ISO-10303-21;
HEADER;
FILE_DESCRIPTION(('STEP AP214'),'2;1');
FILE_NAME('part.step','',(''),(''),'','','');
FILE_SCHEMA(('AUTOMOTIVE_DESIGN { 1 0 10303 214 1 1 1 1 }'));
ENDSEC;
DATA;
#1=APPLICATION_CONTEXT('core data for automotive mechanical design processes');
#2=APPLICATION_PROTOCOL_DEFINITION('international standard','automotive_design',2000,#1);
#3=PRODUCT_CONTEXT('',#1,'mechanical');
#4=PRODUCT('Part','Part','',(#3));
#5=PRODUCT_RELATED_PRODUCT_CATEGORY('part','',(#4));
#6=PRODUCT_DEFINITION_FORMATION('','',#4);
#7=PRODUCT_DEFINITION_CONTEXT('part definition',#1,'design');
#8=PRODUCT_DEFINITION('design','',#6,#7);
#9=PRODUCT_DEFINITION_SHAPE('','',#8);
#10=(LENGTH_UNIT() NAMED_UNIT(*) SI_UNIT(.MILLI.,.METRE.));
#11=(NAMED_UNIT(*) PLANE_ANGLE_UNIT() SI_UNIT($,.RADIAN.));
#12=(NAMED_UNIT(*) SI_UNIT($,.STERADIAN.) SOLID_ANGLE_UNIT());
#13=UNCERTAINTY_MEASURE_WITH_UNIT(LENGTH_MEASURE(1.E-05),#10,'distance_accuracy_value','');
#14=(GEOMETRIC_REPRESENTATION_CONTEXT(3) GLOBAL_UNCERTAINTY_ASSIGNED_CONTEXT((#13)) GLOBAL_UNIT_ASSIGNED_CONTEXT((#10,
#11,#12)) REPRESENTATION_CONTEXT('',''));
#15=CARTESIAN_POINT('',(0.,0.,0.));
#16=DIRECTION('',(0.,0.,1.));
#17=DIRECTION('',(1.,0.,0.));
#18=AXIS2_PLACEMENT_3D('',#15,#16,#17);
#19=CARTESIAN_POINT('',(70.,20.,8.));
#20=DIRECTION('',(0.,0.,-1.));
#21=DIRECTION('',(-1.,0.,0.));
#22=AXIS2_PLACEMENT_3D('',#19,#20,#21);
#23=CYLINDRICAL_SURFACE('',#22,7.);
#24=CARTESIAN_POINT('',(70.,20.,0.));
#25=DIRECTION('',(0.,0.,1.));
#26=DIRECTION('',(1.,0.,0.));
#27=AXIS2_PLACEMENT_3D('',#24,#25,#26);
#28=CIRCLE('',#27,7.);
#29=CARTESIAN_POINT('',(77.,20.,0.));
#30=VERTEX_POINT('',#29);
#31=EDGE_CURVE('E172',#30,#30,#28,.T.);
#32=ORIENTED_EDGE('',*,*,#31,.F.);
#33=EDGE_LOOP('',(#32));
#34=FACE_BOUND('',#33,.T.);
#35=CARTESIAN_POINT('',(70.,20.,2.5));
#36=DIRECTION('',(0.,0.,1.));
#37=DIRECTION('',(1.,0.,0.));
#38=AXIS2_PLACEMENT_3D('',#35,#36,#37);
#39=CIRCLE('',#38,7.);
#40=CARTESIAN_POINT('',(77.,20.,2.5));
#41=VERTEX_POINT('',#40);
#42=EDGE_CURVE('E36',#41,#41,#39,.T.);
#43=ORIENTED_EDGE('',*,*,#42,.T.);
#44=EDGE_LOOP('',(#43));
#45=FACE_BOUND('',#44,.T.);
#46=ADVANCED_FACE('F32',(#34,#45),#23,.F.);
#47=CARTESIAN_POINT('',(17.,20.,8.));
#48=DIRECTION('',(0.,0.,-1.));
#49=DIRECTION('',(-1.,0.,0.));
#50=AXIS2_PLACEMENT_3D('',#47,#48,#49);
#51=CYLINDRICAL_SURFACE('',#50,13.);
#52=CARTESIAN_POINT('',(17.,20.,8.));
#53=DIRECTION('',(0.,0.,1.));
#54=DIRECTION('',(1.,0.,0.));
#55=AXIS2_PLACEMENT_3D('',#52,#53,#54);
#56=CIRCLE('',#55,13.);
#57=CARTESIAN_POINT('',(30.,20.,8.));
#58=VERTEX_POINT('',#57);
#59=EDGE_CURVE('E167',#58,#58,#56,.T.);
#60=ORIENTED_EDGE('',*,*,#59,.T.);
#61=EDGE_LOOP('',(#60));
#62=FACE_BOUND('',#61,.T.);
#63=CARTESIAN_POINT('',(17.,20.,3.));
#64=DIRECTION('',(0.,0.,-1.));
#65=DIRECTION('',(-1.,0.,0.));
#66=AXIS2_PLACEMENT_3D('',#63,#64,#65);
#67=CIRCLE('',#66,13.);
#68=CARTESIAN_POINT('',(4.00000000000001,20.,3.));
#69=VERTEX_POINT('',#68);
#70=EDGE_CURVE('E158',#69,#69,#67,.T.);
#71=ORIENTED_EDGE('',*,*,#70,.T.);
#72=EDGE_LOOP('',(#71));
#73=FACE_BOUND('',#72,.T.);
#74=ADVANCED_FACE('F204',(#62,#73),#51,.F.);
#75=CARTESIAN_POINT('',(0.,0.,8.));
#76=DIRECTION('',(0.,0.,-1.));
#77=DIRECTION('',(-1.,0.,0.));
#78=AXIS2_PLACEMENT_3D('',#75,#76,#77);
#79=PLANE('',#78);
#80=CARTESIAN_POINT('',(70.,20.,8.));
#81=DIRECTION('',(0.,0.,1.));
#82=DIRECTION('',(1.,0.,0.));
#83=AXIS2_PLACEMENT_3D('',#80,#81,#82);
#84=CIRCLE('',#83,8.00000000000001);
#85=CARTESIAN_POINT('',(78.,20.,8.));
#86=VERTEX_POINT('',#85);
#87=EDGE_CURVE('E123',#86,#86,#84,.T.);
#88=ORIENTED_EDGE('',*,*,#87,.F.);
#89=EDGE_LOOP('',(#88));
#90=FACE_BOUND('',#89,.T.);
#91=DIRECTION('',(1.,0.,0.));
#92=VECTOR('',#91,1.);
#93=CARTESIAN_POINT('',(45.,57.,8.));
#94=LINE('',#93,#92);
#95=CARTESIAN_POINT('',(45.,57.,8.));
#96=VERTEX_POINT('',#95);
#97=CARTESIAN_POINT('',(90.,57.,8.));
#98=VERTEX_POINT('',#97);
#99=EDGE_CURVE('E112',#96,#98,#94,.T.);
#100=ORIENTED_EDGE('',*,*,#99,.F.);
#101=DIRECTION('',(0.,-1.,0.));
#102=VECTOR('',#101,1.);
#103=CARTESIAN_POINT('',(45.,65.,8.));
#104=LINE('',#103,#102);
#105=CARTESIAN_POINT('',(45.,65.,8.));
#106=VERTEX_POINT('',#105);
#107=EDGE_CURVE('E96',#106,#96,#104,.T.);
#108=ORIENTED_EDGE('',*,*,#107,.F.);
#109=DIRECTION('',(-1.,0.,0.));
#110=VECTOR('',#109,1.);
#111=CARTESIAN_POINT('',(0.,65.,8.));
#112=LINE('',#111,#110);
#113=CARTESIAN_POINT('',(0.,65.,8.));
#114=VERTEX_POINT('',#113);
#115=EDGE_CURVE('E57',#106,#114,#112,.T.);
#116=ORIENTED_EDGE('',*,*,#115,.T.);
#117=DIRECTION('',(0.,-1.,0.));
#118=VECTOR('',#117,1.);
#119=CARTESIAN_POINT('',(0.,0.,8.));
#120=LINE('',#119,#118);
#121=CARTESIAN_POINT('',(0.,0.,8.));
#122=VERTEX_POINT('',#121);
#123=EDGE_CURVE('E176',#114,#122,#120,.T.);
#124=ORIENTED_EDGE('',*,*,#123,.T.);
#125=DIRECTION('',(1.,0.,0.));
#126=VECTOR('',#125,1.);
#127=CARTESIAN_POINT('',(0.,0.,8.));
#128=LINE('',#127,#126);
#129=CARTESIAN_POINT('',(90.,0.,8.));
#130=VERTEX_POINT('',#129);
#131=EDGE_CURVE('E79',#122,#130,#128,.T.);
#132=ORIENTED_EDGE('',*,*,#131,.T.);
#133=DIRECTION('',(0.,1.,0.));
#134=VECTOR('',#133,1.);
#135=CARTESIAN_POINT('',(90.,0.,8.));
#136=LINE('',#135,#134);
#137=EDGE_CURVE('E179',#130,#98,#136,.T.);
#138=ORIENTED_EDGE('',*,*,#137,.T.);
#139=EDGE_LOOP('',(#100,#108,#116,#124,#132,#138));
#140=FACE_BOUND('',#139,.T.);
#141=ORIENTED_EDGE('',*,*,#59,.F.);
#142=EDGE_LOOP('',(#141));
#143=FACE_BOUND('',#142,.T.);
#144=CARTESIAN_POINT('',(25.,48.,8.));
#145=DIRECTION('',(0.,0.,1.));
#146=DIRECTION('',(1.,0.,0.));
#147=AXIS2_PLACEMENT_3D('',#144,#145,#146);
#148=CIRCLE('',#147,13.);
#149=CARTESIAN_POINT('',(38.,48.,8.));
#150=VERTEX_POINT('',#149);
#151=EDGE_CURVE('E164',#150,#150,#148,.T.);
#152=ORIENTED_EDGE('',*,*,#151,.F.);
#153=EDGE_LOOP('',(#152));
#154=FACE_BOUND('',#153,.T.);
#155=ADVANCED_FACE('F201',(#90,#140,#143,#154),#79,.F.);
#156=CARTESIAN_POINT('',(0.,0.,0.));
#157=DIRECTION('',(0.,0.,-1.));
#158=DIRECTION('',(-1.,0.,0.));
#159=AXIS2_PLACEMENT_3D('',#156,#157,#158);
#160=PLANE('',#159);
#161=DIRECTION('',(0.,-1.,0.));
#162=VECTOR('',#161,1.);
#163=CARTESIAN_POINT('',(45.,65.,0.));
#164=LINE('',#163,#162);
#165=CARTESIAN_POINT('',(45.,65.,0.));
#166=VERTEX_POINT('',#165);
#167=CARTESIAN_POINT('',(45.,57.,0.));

+ + + + +

▸ Exercise
Given the records above, reproduce precisely and only the lines between the line holding "#131=EDGE_CURVE('E79',#122,#130,#128,.T.);" and the line holding "#149=CARTESIAN_POINT('',(38.,48.,8.));", inclusive.

▸ Exercise answer
#131=EDGE_CURVE('E79',#122,#130,#128,.T.);
#132=ORIENTED_EDGE('',*,*,#131,.T.);
#133=DIRECTION('',(0.,1.,0.));
#134=VECTOR('',#133,1.);
#135=CARTESIAN_POINT('',(90.,0.,8.));
#136=LINE('',#135,#134);
#137=EDGE_CURVE('E179',#130,#98,#136,.T.);
#138=ORIENTED_EDGE('',*,*,#137,.T.);
#139=EDGE_LOOP('',(#100,#108,#116,#124,#132,#138));
#140=FACE_BOUND('',#139,.T.);
#141=ORIENTED_EDGE('',*,*,#59,.F.);
#142=EDGE_LOOP('',(#141));
#143=FACE_BOUND('',#142,.T.);
#144=CARTESIAN_POINT('',(25.,48.,8.));
#145=DIRECTION('',(0.,0.,1.));
#146=DIRECTION('',(1.,0.,0.));
#147=AXIS2_PLACEMENT_3D('',#144,#145,#146);
#148=CIRCLE('',#147,13.);
#149=CARTESIAN_POINT('',(38.,48.,8.));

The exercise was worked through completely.